[Records from a collection]
<<<<

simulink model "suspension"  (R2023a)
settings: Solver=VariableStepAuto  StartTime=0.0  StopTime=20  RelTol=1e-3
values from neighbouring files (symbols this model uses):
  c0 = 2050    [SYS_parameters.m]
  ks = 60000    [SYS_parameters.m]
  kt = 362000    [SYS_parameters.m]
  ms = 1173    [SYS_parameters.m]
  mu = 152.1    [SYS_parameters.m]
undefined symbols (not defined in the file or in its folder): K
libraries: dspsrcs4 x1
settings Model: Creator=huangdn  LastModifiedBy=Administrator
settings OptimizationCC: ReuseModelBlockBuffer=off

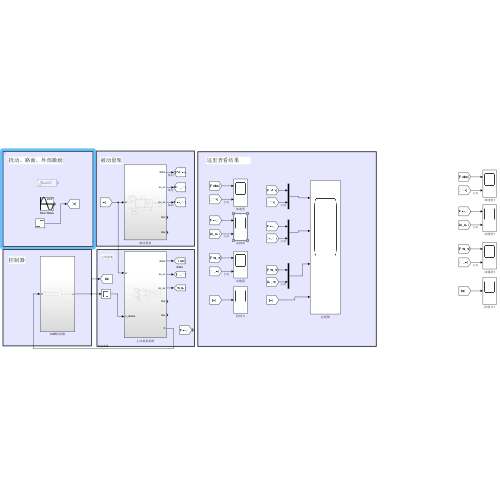
[thumbnail: Simulink's stored preview of the top-level diagram]
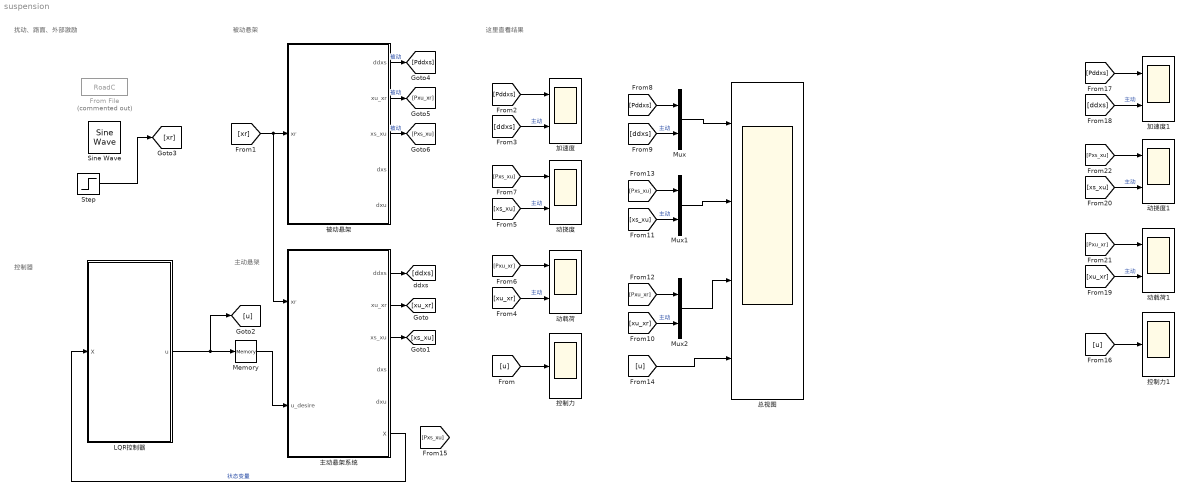
== system suspension ==
  note: 这里查看结果
  note: 主动悬架
  note: 被动悬架
  note: 控制器
  note: 扰动、路面、外部激励
  From File : FromFile  Commented=on  FileName=RoadC  SampleTime=0
  LQR控制器 : Subsystem
  Memory : Memory
  Mux : Mux  Inputs=2
  Mux1 : Mux  Inputs=2
  Mux2 : Mux  Inputs=2
  Sine Wave : dspsrcs4/Sine Wave  Amplitude=0.05  Frequency=1  Phase=0  SampleMode=Continuous  OutComplex=Real  CompMethod=Trigonometric fcn  TableSize=Speed  SampleTime=1/1000  SamplesPerFrame=1  ResetState=Restart at time zero  OutputFrames=off  dataType=double  wordLen=16  udDataType=sfix(16)  fracBitsMode=Best precision  numFracBits=15  OutDataTypeStr=double  LastOutDataTypeStr=double
  Step : Step  SampleTime=0
  主动悬架系统 : Subsystem
  加速度 : Scope  NumInputPorts=2
  加速度1 : Scope  NumInputPorts=2
  动挠度 : Scope  NumInputPorts=2
  动挠度1 : Scope  NumInputPorts=2
  动载荷 : Scope  NumInputPorts=2
  动载荷1 : Scope  NumInputPorts=2
  总视图 : Scope  NumInputPorts=4
  控制力 : Scope
  控制力1 : Scope
  被动悬架 : Subsystem
  wires:
  主动悬架系统/1(ddxs) -> [ddxs]
  主动悬架系统/2(xu_xr) -> [xu_xr]
  主动悬架系统/3(xs_xu) -> [xs_xu]
  [ddxs] -> 加速度/2  "主动"
  Memory/1 -> 主动悬架系统/2(u_desire)
  [xu_xr] -> 动载荷/2  "主动"
  [xs_xu] -> 动挠度/2  "主动"
  主动悬架系统/6(X) -> LQR控制器/1(X)  "状态变量"
  LQR控制器/1(u) -> [u], Memory/1
  [u] -> 控制力/1
  Mux1/1 -> 总视图/2
  Mux/1 -> 总视图/1
  Mux2/1 -> 总视图/3
  [xr] -> 主动悬架系统/1(xr), 被动悬架/1(xr)
  被动悬架/1(ddxs) -> [Pddxs]  "被动"
  被动悬架/2(xu_xr) -> [Pxu_xr]  "被动"
  被动悬架/3(xs_xu) -> [Pxs_xu]  "被动"
  [Pddxs] -> 加速度/1
  [Pxu_xr] -> 动载荷/1
  [Pxs_xu] -> 动挠度/1
  [Pddxs] -> Mux/1
  [ddxs] -> Mux/2  "主动"
  [Pxs_xu] -> Mux1/1
  [xs_xu] -> Mux1/2  "主动"
  [Pxu_xr] -> Mux2/1
  [xu_xr] -> Mux2/2  "主动"
  [u] -> 总视图/4
  Step/1 -> [xr]
  [xu_xr] -> 动载荷1/2  "主动"
  [Pxu_xr] -> 动载荷1/1
  [Pxs_xu] -> 动挠度1/1
  [xs_xu] -> 动挠度1/2  "主动"
  [u] -> 控制力1/1
  [Pddxs] -> 加速度1/1
  [ddxs] -> 加速度1/2  "主动"

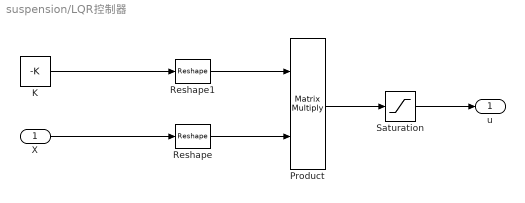
== system suspension/LQR控制器 ==
  X : Inport
  K : Constant  Value=-K
  Product : Product  Multiplication=Matrix(*)
  Reshape : Reshape  OutputDimensionality=Column vector (2-D)
  Reshape1 : Reshape  OutputDimensionality=Row vector (2-D)
  Saturation : Saturate  UpperLimit=2000  LowerLimit=-2000
  u : Outport
  wires:
  X/1 -> Reshape/1
  K/1 -> Reshape1/1
  Reshape/1 -> Product/2
  Product/1 -> Saturation/1
  Reshape1/1 -> Product/1
  Saturation/1 -> u/1

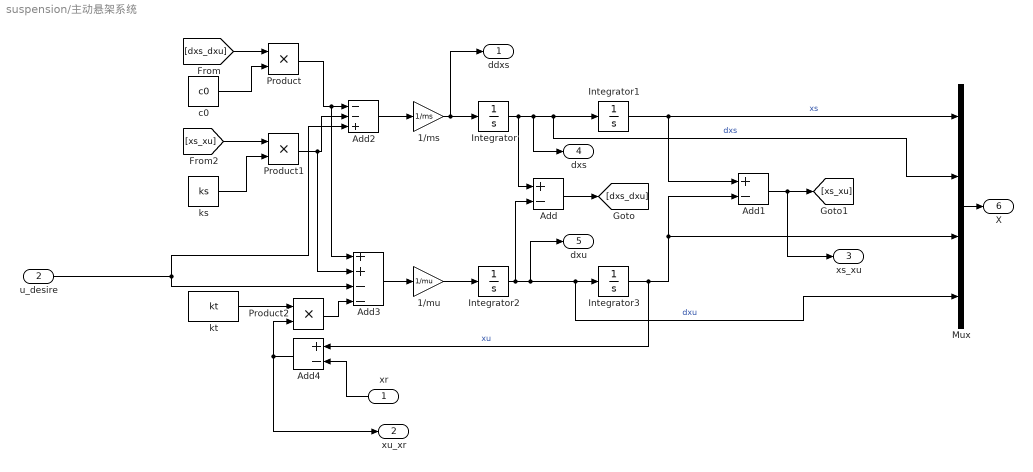
== system suspension/主动悬架系统 ==
  xr : Inport
  u_desire : Inport  Port=2
  1/ms : Gain  Gain=1/ms
  1/mu : Gain  Gain=1/mu
  Add : Sum  Inputs=+-
  Add1 : Sum  Inputs=+-
  Add2 : Sum  Inputs=--+
  Add3 : Sum  Inputs=++--
  Add4 : Sum  Inputs=+-
  Integrator{,1..3} (4 alike) : Integrator
  Mux : Mux
  Product : Product
  Product1 : Product
  Product2 : Product
  c0 : Constant  Value=c0
  ks : Constant  Value=ks
  kt : Constant  Value=kt
  ddxs : Outport
  xu_xr : Outport  Port=2
  xs_xu : Outport  Port=3
  dxs : Outport  Port=4
  dxu : Outport  Port=5
  X : Outport  Port=6
  wires:
  1/mu/1 -> Integrator2/1
  [xs_xu] -> Product1/1
  kt/1 -> Product2/1
  Add3/1 -> 1/mu/1
  Add2/1 -> 1/ms/1
  ks/1 -> Product1/2
  c0/1 -> Product/2
  Integrator3/1 -> Add4/1, Mux/3, Add1/2  "xu"
  Integrator1/1 -> Mux/1, Add1/1  "xs"
  xr/1 -> Add4/2
  Integrator2/1 -> Add/2, dxu/1, Mux/4, Integrator3/1  "dxu"
  Integrator/1 -> Mux/2, Integrator1/1, dxs/1, Add/1  "dxs"
  Product/1 -> Add3/1, Add2/1
  Add1/1 -> xs_xu/1, [xs_xu]
  [dxs_dxu] -> Product/1
  1/ms/1 -> ddxs/1, Integrator/1
  Add/1 -> [dxs_dxu]
  Add4/1 -> xu_xr/1, Product2/2
  Product1/1 -> Add3/2, Add2/2
  Product2/1 -> Add3/4
  Mux/1 -> X/1
  u_desire/1 -> Add3/3, Add2/3

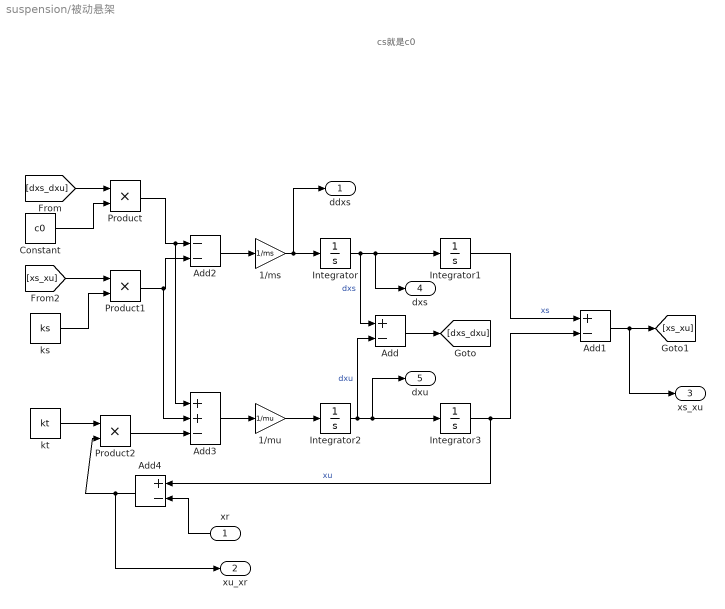
== system suspension/被动悬架 ==
  note: cs就是c0
  xr : Inport
  1/ms : Gain  Gain=1/ms
  1/mu : Gain  Gain=1/mu
  Add : Sum  Inputs=+-
  Add1 : Sum  Inputs=+-
  Add2 : Sum  Inputs=--
  Add3 : Sum  Inputs=++-
  Add4 : Sum  Inputs=+-
  Constant : Constant  Value=c0
  Integrator{,1..3} (4 alike) : Integrator
  Product : Product
  Product1 : Product
  Product2 : Product
  ks : Constant  Value=ks
  kt : Constant  Value=kt
  ddxs : Outport
  xu_xr : Outport  Port=2
  xs_xu : Outport  Port=3
  dxs : Outport  Port=4
  dxu : Outport  Port=5
  wires:
  Product1/1 -> Add2/2, Add3/2
  Add4/1 -> Product2/2, xu_xr/1
  Add/1 -> [dxs_dxu]
  1/ms/1 -> ddxs/1, Integrator/1
  [dxs_dxu] -> Product/1
  Add1/1 -> [xs_xu], xs_xu/1
  Product/1 -> Add2/1, Add3/1
  Integrator/1 -> Integrator1/1, dxs/1, Add/1  "dxs"
  Integrator2/1 -> Integrator3/1, dxu/1, Add/2  "dxu"
  xr/1 -> Add4/2
  Integrator1/1 -> Add1/1  "xs"
  Integrator3/1 -> Add1/2, Add4/1  "xu"
  Constant/1 -> Product/2
  ks/1 -> Product1/2
  Add2/1 -> 1/ms/1
  Add3/1 -> 1/mu/1
  kt/1 -> Product2/1
  [xs_xu] -> Product1/1
  Product2/1 -> Add3/3
  1/mu/1 -> Integrator2/1

>>>>

- What is expected
If a line in the entries contains "Inport", copy it.

- Solution to the exercise
  X : Inport
  xr : Inport
  u_desire : Inport  Port=2
  xr : Inport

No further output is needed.